Упругий плевок полетел на соседние рельсы.
— А честно говоря, гибнет нашего брата уйма, — продолжал Снегирев. — Опытные летчики погибли в первых боях. Сейчас зеленая молодежь идет на фронт. Налет пустяковый, только что за ручку научились держаться. Вылетает шестерка на задание — возвращаются три, два… а то и совсем ни одного. Там такая рубка, браток! Кто не был, тот побудет, кто побыл, не забудет.
Потолковали еще с полчасика, выкурили по третьей. Интересно побыть с фронтовиком, да надо идти Горячеватому: время близится к обеду.
Сделав несколько шагов от окна, Горячеватый ощутил на затылке взгляд того парня. Оглянулся, и даже не по себе ему сделалось: на нем остановились округлые, немигающие глаза, в которых было что-то не от мира сего. Тоска, отчаяние, боль переполнили эти глаза. Снегирев высунулся из окна по грудь, и только теперь можно было заметить, что правой руки у него нет по локоть.
— Летай, Ваня. Летай, как только можешь, и плюй на все остальное. Понял?! А я уже отлетался…
После этих слов Снегирев скрылся в купе, видно, упав на постель. Послышался его надрывный, пронизывающий душу стон — так стонут во время приступа падучей болезни, чтобы потом надолго замереть.
Начальник школы пилотов, невысокий, но с богатырским разворотом плеч полковник, пробежав глазами рапорт Горячеватого, швырнул бумагу ему обратно.

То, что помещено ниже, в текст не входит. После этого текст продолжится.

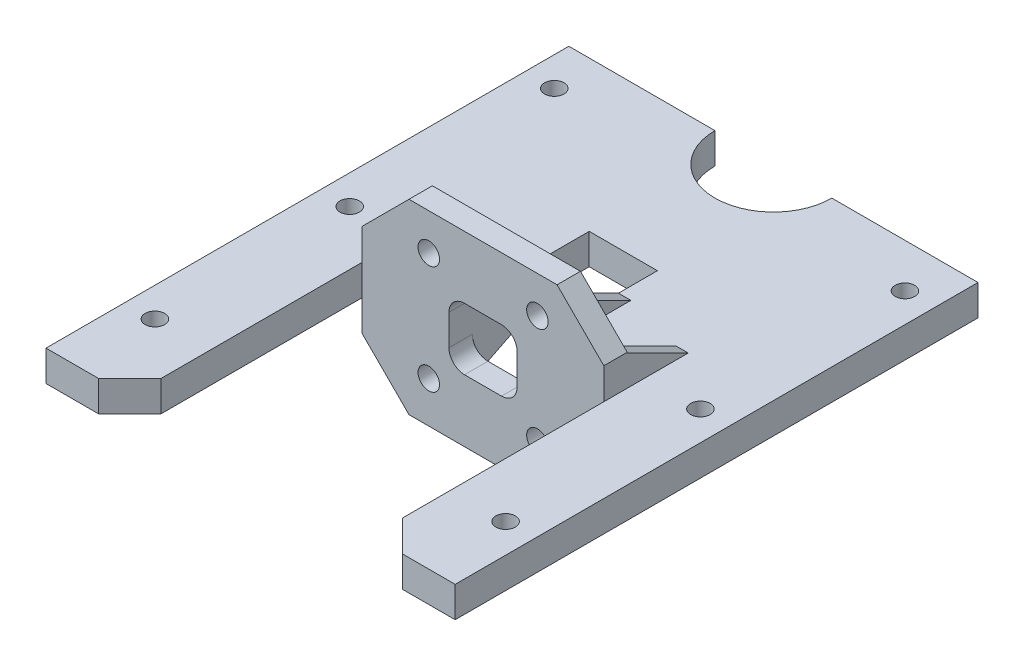
from build123d import *

# Parameters (mm, degrees)
SKETCH1_R           = 1.5875
BOSS_EXTRUDE1_DEPTH = 5
SKETCH2_W           = 39.37
SKETCH2_H           = 30.4
BOSS_EXTRUDE2_DEPTH = 3.81
SKETCH3_W           = 11.1125
SKETCH3_H           = 10.08
CUT_EXTRUDE1_DEPTH  = 3.81
FILLET1_R           = 2.54
CHAMFER1_SIZE       = 7.62
CHAMFER2_SIZE       = 5.08
BOSS_EXTRUDE3_DEPTH = 2.032
BOSS_EXTRUDE4_DEPTH = 2.032
BOSS_EXTRUDE5_DEPTH = 2.032
BOSS_EXTRUDE6_DEPTH = 2.032
SKETCH8_R           = 1.75
SKETCH8_R_2         = 1.7499965
CUT_EXTRUDE2_DEPTH  = 20.32
SKETCH9_R           = 3
CUT_EXTRUDE3_DEPTH  = 10.16
BOSS_EXTRUDE7_DEPTH = 2.032
BOSS_EXTRUDE8_DEPTH = 2.032


with BuildPart() as part:
    # Sketch1 → Boss-Extrude1 (new body)
    with BuildSketch(Plane(origin=(0, 0, 0), x_dir=(1, 0, 0), z_dir=(0, 1, 0))):
        with BuildLine():
            Line((-33.3375, 0), (-19.685, 0))
            Line((-19.685, 0), (-19.685, 41.68899781))
            Line((-19.685, 41.68899781), (-5.55625, 41.68899781))
            Line((-5.55625, 41.68899781), (-5.55625, 60.73899781))
            Line((-5.55625, 60.73899781), (5.55625, 60.73899781))
            Line((5.55625, 60.73899781), (5.55625, 41.68899781))
            Line((5.55625, 41.68899781), (19.685, 41.68899781))
            Line((19.685, 41.68899781), (19.685, 0))
            Line((19.685, 0), (33.3375, 0))
            Line((33.3375, 0), (33.3375, 85.198868165))
            Line((33.3375, 85.198868165), (9.525, 85.198868165))
            ThreePointArc((9.525, 85.198868165), (0, 75.673868165), (-9.525, 85.198868165))
            Line((-9.525, 85.198868165), (-33.3375, 85.198868165))
            Line((-33.3375, 85.198868165), (-33.3375, 0))
        make_face()
        with Locations(Location((-28.575, 12.975059538, 0), (0, 0, 270))):
            Circle(SKETCH1_R, mode=Mode.SUBTRACT)
        with Locations(Location((28.575, 12.975059538, 0), (0, 0, 270))):
            Circle(SKETCH1_R, mode=Mode.SUBTRACT)
        with Locations(Location((-28.575, 44.725059538, 0), (0, 0, 270))):
            Circle(SKETCH1_R, mode=Mode.SUBTRACT)
        with Locations(Location((-28.575, 78.062559538, 0), (0, 0, 270))):
            Circle(SKETCH1_R, mode=Mode.SUBTRACT)
        with Locations(Location((28.575, 44.725059538, 0), (0, 0, 270))):
            Circle(SKETCH1_R, mode=Mode.SUBTRACT)
        with Locations(Location((28.575, 78.062559538, 0), (0, 0, 270))):
            Circle(SKETCH1_R, mode=Mode.SUBTRACT)
    extrude(amount=BOSS_EXTRUDE1_DEPTH)

    # Sketch2 → Boss-Extrude2 (add)
    with BuildSketch(Plane.XY.offset(-41.68899781)):
        with Locations((0, 2.5)):
            Rectangle(SKETCH2_W, SKETCH2_H)
    extrude(amount=BOSS_EXTRUDE2_DEPTH)

    # Sketch3 → Cut-Extrude1 (cut)
    with BuildSketch(Plane(origin=(0, 0, -41.68899781), x_dir=(-1, 0, 0), z_dir=(0, 0, -1))):
        with Locations((0, 2.5)):
            Rectangle(SKETCH3_W, SKETCH3_H)
    extrude(amount=-CUT_EXTRUDE1_DEPTH, mode=Mode.SUBTRACT)

    # Fillet1
    fillet1_edges = [part.edges().sort_by_distance(p)[0] for p in [
        (5.55625, -2.54, -39.78399781),
        (-5.55625, -2.54, -39.78399781),
        (5.55625, 7.54, -39.78399781),
        (-5.55625, 7.54, -39.78399781),
    ]]
    fillet(fillet1_edges, radius=FILLET1_R)

    # Chamfer1
    chamfer1_edges = [part.edges().sort_by_distance(p)[0] for p in [
        (19.685, -12.7, -39.78399781),
        (-19.685, 17.7, -39.78399781),
        (-19.685, -12.7, -39.78399781),
        (19.685, 17.7, -39.78399781),
    ]]
    chamfer(chamfer1_edges, length=CHAMFER1_SIZE)

    # Chamfer2
    chamfer2_edges = [part.edges().sort_by_distance(p)[0] for p in [
        (19.685, 2.5, 0),
        (-19.685, 2.5, 0),
    ]]
    chamfer(chamfer2_edges, length=CHAMFER2_SIZE)

    # Sketch4 → Boss-Extrude3 (add)
    with BuildSketch(Plane.ZY.offset(-5.55625)):
        Polygon((-41.68899781, 5), (-54.38899781, 5), (-41.68899781, 11.35), align=None)
    extrude(amount=-BOSS_EXTRUDE3_DEPTH)

    # Sketch5 → Boss-Extrude4 (add)
    with BuildSketch(Plane(origin=(-5.55625, 0, 0), x_dir=(0, 0, -1), z_dir=(1, 0, 0))):
        Polygon((54.38899781, 5), (41.68899781, 5), (41.68899781, 11.35), align=None)
    extrude(amount=-BOSS_EXTRUDE4_DEPTH)

    # Sketch6 → Boss-Extrude5 (add)
    with BuildSketch(Plane(origin=(-5.55625, 0, 0), x_dir=(0, 0, -1), z_dir=(1, 0, 0))):
        Polygon((41.68899781, 0), (54.38899781, 0), (41.68899781, -6.35), align=None)
    extrude(amount=-BOSS_EXTRUDE5_DEPTH)

    # Sketch7 → Boss-Extrude6 (add)
    with BuildSketch(Plane.ZY.offset(-5.55625)):
        Polygon((-41.68899781, 0), (-54.38899781, 0), (-41.68899781, -6.35), align=None)
    extrude(amount=-BOSS_EXTRUDE6_DEPTH)

    # Sketch8 → Cut-Extrude2 (cut)
    with BuildSketch(Plane.XY.offset(-37.87899781)):
        with Locations((-8.841749375, 11.716378166)):
            Circle(SKETCH8_R)
        with Locations((8.85825, 11.721080704)):
            Circle(SKETCH8_R)
        with Locations((8.85825, -5.978919296)):
            Circle(SKETCH8_R)
        with Locations((-8.841749375, -5.983621834)):
            Circle(SKETCH8_R_2)
    extrude(amount=-CUT_EXTRUDE2_DEPTH, mode=Mode.SUBTRACT)

    # Sketch9 → Cut-Extrude3 (cut)
    with BuildSketch(Plane(origin=(0, 0, -41.68899781), x_dir=(-1, 0, 0), z_dir=(0, 0, -1))):
        with Locations((-8.85825, 11.721080704)):
            Circle(SKETCH9_R)
        with Locations((8.841749375, 11.716378166)):
            Circle(SKETCH9_R)
        with Locations((8.841749375, -5.983621834)):
            Circle(SKETCH9_R)
        with Locations((-8.85825, -5.978919296)):
            Circle(SKETCH9_R)
    extrude(amount=CUT_EXTRUDE3_DEPTH, mode=Mode.SUBTRACT)

    # Sketch10 → Boss-Extrude7 (add)
    with BuildSketch(Plane(origin=(19.685, 0, 0), x_dir=(0, 0, -1), z_dir=(1, 0, 0))):
        Polygon((41.68899781, 9.971080704), (51.631159218, 5), (41.68899781, 5), align=None)
        Polygon((41.68899781, -5.08), (51.84899781, 0), (41.68899781, 0), align=None)
    extrude(amount=-BOSS_EXTRUDE7_DEPTH)

    # Sketch11 → Boss-Extrude8 (add)
    with BuildSketch(Plane.ZY.offset(19.685)):
        Polygon((-41.68899781, 10.08), (-51.84899781, 5), (-41.68899781, 5), align=None)
        Polygon((-41.68899781, -5.08), (-41.68899781, 0), (-51.84899781, 0), align=None)
    extrude(amount=-BOSS_EXTRUDE8_DEPTH)


solid = part.part

— Почему не по команде обращаетесь, товарищ младший лейтенант? Устава не знаете?
— Разрешите сказать, товарищ полковник: я и командиру эскадрильи уже писал и в отдел кадров…
Не слушая объяснений, полковник продолжал начальственным тоном:
— Не по команде — это раз. Во-вторых, надо же понимать простую истину: если все инструкторы разбегутся на фронт, кто будет готовить летный состав для того же фронта? Возьмите свой э-э-э… бессмысленный рапорт.
Полковник приподнялся, собираясь, очевидно, протянуть руку и пожелать всего хорошего. Но Горячеватый держался на расстоянии. Нет, не для того он за четыреста километров прилетел, чтобы так вот выставили его за дверь, будто школьника.
— Товарищ полковник, разрешите доложить.
— О чем тут докладывать? Все ясно. Ответ вам дан, времени на пустые разговоры и так немало затрачено.
— Товарищ полковник, разрешите! — еще тверже произнес Горячеватый, сцепив челюсти, что тиски железные.
— Ну, слушаю вас. — Начальник школы вновь откинулся на спинку кресла.
Чтобы не сбиться, не скомкать свои, как ему казалось, очень убедительные доводы, Горячеватый начал говорить медленно, отрубая фразы, каждую в отдельности.
— Идеть тяжкий период войны. Сейчас на фронт нужно опытных летчиков. А такие выпускники, каких теперь выпекають… Лучше они пойдуть на фронт потом, когда немного легче станет.